**RECORDS SHOWN**
+++++

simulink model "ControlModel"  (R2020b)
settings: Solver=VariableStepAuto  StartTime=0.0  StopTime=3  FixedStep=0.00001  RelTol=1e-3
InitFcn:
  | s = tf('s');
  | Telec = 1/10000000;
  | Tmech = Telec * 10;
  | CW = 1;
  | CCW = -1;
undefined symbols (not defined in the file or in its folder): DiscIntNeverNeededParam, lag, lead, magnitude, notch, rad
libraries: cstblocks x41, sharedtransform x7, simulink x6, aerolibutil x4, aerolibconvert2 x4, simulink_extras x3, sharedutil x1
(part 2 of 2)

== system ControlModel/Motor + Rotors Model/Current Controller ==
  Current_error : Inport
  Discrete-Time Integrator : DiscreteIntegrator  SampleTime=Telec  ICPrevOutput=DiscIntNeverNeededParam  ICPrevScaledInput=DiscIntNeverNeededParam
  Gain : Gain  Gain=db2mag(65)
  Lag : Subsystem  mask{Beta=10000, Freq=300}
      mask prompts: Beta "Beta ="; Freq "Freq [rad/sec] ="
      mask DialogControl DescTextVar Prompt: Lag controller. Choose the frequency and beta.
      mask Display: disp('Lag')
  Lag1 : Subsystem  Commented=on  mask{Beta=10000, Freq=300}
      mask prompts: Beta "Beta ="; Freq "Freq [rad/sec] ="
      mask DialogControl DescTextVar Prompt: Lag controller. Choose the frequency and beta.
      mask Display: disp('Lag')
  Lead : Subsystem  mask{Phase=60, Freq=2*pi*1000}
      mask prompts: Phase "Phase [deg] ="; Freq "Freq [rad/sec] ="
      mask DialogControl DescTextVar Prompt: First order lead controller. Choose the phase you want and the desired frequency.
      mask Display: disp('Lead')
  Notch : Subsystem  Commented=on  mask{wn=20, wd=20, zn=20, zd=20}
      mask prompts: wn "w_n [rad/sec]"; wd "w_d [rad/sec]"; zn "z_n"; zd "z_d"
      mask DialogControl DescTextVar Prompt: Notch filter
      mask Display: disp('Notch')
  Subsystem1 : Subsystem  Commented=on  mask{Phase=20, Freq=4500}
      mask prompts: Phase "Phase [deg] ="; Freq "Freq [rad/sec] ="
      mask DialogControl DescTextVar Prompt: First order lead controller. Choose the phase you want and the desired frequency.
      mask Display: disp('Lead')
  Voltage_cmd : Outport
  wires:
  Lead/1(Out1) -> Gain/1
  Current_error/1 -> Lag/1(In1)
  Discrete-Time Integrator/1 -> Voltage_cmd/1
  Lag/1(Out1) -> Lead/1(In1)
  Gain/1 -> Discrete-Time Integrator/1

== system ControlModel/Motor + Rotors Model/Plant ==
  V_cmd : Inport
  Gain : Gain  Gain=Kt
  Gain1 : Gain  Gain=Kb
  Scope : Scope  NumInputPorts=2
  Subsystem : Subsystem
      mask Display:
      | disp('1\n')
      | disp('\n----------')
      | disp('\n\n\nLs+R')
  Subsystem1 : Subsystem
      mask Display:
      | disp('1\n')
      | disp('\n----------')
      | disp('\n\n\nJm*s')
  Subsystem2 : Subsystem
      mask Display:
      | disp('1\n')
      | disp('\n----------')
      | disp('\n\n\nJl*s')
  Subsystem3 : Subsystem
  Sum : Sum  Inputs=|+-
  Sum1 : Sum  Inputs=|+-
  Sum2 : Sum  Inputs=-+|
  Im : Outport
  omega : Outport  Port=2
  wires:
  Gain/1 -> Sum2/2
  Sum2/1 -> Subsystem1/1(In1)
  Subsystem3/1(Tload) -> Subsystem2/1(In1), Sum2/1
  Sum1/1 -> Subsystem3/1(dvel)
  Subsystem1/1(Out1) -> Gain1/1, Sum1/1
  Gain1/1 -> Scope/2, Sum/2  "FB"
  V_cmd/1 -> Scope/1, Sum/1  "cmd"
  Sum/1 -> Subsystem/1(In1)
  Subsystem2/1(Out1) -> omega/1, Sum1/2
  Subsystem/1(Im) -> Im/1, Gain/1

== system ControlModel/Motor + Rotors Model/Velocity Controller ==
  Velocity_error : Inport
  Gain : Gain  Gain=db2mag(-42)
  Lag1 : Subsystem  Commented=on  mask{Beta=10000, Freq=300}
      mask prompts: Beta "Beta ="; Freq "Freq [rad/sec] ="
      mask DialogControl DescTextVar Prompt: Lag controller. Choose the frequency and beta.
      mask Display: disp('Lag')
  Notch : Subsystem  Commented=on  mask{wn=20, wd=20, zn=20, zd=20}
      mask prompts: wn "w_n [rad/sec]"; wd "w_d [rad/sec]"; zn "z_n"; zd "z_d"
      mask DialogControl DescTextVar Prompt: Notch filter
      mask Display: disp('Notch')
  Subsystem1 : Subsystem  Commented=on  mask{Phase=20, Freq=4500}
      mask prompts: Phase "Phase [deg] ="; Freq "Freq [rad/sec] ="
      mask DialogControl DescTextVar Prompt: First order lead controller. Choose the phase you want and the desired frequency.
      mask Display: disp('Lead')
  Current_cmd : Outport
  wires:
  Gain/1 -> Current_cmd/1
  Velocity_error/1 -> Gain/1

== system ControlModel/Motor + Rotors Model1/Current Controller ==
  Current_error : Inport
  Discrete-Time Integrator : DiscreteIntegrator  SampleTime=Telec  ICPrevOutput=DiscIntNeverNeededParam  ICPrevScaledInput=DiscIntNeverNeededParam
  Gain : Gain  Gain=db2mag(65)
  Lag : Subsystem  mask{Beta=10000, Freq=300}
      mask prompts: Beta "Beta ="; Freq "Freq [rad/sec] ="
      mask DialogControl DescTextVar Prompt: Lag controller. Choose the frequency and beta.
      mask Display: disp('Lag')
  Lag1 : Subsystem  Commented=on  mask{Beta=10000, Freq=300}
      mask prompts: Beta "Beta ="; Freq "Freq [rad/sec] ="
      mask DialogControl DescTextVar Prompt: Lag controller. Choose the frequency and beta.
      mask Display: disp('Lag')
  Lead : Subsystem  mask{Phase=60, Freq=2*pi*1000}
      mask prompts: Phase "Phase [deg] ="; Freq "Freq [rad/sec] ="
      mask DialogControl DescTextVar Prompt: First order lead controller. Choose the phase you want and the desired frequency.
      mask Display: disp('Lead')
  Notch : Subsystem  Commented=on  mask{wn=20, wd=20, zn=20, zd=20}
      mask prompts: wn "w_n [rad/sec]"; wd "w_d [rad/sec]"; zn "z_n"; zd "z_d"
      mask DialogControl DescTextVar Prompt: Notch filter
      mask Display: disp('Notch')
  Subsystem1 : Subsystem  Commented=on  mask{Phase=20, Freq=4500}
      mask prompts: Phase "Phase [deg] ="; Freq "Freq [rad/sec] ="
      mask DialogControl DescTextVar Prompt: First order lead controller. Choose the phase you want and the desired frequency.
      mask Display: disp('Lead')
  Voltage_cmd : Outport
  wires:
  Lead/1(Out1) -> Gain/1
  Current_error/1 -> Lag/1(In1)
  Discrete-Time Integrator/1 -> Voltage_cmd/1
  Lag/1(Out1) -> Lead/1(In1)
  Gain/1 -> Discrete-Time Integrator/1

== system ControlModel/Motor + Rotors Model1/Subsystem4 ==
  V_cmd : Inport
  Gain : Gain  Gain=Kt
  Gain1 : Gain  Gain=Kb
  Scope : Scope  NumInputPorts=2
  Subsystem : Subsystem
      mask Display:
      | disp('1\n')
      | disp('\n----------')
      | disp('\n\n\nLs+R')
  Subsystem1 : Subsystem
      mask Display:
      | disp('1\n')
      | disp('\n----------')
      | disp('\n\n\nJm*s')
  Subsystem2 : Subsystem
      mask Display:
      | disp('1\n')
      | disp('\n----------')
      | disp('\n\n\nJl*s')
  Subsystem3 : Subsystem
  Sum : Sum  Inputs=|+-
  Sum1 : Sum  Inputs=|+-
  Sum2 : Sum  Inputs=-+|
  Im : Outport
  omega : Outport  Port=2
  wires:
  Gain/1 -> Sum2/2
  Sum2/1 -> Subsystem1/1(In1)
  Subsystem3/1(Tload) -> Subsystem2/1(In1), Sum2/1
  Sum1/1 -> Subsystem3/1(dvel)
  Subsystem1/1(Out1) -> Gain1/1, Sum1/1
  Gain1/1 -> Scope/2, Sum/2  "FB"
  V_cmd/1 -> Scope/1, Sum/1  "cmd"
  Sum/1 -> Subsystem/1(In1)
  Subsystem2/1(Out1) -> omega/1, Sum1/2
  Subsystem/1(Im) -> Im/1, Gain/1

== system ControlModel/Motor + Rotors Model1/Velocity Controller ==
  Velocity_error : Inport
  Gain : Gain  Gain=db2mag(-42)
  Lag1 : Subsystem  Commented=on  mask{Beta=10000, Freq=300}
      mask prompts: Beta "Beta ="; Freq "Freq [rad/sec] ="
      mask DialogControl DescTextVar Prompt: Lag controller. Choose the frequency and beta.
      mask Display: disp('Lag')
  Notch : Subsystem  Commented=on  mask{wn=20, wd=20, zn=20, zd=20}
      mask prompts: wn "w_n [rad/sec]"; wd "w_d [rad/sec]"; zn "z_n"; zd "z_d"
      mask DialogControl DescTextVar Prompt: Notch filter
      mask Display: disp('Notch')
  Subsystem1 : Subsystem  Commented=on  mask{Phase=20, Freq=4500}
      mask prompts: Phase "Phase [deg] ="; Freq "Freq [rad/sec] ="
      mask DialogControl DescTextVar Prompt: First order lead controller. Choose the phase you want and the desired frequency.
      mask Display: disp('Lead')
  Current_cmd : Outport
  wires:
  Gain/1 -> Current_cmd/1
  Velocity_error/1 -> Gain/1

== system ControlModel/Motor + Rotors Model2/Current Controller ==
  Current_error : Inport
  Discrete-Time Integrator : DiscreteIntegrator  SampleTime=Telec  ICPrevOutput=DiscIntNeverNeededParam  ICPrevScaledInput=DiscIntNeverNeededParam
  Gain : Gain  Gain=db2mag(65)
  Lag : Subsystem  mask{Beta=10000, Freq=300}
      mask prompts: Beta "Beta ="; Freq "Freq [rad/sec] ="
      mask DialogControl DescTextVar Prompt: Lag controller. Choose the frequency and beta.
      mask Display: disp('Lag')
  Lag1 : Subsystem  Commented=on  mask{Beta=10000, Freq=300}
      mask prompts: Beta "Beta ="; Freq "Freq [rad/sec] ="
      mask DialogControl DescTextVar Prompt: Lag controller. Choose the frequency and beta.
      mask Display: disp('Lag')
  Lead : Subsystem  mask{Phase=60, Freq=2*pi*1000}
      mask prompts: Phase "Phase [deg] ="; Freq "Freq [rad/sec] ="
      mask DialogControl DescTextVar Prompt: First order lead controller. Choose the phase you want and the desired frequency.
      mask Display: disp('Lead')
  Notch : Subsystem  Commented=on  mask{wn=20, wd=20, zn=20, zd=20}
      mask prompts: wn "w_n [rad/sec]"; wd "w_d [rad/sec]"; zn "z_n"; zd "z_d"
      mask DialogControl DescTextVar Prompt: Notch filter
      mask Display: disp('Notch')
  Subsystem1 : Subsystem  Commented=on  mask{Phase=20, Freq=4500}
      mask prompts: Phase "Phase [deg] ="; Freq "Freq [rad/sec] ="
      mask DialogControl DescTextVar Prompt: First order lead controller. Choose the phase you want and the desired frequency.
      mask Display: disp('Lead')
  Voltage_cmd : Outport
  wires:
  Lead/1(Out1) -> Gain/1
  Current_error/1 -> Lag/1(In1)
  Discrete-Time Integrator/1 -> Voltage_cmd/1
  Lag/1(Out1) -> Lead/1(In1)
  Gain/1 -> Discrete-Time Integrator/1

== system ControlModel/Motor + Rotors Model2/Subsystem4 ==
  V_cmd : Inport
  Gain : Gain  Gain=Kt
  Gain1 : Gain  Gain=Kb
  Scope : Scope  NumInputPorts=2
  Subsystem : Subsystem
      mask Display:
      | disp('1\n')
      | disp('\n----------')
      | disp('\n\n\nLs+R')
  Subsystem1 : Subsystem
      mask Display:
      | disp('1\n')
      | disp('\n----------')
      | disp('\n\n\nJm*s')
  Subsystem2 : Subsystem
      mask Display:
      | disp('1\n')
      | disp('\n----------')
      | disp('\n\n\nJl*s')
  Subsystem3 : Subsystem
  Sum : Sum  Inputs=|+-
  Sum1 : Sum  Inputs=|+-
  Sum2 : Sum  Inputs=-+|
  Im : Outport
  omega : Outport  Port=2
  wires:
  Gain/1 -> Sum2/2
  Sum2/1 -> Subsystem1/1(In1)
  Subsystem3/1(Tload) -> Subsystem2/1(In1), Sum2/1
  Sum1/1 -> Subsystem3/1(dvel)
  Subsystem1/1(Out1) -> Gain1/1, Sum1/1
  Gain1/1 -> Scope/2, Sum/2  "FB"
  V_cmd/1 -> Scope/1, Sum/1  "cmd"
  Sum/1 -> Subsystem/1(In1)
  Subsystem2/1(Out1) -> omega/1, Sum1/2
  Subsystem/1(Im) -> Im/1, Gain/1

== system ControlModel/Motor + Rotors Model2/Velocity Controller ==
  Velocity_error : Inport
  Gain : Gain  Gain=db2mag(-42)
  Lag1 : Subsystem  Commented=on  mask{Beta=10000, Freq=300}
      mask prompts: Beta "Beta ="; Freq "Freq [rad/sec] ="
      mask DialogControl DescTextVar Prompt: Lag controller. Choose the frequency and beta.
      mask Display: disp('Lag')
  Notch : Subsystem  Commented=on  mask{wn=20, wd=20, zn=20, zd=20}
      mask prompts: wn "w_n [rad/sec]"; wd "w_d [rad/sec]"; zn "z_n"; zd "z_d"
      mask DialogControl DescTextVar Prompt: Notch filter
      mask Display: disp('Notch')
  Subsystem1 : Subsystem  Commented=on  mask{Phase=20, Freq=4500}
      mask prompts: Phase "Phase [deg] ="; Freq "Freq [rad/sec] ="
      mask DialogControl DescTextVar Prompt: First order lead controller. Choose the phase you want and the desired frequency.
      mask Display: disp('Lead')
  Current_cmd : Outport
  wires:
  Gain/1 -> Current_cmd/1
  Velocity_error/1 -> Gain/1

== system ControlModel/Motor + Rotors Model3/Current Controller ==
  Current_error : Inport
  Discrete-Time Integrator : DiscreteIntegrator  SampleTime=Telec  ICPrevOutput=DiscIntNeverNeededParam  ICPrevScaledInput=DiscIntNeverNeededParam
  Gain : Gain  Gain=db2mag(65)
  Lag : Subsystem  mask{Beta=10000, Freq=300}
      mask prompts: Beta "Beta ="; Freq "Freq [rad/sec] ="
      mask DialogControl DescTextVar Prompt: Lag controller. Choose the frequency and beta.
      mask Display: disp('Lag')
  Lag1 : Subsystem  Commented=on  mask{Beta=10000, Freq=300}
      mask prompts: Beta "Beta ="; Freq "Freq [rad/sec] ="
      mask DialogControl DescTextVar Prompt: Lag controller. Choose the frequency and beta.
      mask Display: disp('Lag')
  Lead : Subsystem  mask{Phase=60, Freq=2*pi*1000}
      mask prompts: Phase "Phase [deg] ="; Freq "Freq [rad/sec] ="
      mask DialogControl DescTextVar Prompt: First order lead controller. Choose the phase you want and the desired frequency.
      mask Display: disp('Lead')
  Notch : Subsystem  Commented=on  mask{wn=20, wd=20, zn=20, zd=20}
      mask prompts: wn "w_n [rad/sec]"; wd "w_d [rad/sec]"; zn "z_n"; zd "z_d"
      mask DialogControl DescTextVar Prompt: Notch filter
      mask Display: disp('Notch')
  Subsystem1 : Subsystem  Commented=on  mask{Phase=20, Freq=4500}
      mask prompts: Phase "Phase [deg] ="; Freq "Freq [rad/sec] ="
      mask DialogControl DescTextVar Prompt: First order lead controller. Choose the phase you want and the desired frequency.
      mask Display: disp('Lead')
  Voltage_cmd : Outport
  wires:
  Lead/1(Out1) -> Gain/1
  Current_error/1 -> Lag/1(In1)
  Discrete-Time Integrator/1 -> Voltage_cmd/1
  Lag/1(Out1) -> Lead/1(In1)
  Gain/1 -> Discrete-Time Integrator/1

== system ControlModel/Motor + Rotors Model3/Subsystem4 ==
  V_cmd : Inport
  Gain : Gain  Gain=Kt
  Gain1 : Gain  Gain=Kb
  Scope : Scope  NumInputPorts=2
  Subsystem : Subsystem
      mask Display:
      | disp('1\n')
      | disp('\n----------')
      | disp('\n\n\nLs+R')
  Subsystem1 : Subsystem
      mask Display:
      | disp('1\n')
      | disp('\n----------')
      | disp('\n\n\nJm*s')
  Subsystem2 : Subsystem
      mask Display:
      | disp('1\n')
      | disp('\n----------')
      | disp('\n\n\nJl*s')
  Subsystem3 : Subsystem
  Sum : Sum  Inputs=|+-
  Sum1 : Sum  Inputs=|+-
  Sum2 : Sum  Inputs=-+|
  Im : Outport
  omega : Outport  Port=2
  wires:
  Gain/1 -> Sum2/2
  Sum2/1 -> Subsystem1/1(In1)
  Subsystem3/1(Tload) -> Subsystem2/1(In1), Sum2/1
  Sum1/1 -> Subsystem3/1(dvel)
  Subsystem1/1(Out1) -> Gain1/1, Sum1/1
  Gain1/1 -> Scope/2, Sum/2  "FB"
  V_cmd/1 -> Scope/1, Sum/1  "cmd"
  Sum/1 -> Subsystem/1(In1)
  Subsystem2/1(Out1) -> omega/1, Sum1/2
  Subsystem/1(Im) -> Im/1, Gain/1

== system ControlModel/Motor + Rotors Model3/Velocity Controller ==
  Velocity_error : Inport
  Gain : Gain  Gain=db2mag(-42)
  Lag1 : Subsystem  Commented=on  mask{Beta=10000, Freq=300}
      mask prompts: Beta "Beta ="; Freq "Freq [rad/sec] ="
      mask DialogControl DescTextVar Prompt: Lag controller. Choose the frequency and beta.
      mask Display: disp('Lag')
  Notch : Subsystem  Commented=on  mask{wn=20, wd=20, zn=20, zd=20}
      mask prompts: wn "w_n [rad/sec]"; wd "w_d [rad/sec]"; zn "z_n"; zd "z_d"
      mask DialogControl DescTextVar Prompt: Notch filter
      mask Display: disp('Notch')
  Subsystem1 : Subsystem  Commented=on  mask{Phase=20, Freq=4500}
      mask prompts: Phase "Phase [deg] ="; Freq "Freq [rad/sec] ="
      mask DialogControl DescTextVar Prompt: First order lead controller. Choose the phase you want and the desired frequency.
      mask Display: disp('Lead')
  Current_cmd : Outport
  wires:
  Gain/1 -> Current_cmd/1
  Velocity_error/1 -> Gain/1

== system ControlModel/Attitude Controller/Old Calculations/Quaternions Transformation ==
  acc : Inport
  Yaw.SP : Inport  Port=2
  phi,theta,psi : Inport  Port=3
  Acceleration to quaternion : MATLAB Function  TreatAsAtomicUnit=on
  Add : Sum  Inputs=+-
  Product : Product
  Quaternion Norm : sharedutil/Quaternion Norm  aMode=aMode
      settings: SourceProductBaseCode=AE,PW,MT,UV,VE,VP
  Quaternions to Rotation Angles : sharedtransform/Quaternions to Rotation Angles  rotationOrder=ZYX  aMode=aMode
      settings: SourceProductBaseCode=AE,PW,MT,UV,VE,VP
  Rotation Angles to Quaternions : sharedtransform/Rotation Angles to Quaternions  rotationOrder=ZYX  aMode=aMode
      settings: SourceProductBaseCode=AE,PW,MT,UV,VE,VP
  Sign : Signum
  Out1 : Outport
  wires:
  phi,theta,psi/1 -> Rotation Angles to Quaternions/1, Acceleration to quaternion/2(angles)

+++++

Check each line above for the word "theta" and copy the ones that have it.

**OUTPUT BELOW**
  phi,theta,psi : Inport  Port=3
  phi,theta,psi/1 -> Rotation Angles to Quaternions/1, Acceleration to quaternion/2(angles)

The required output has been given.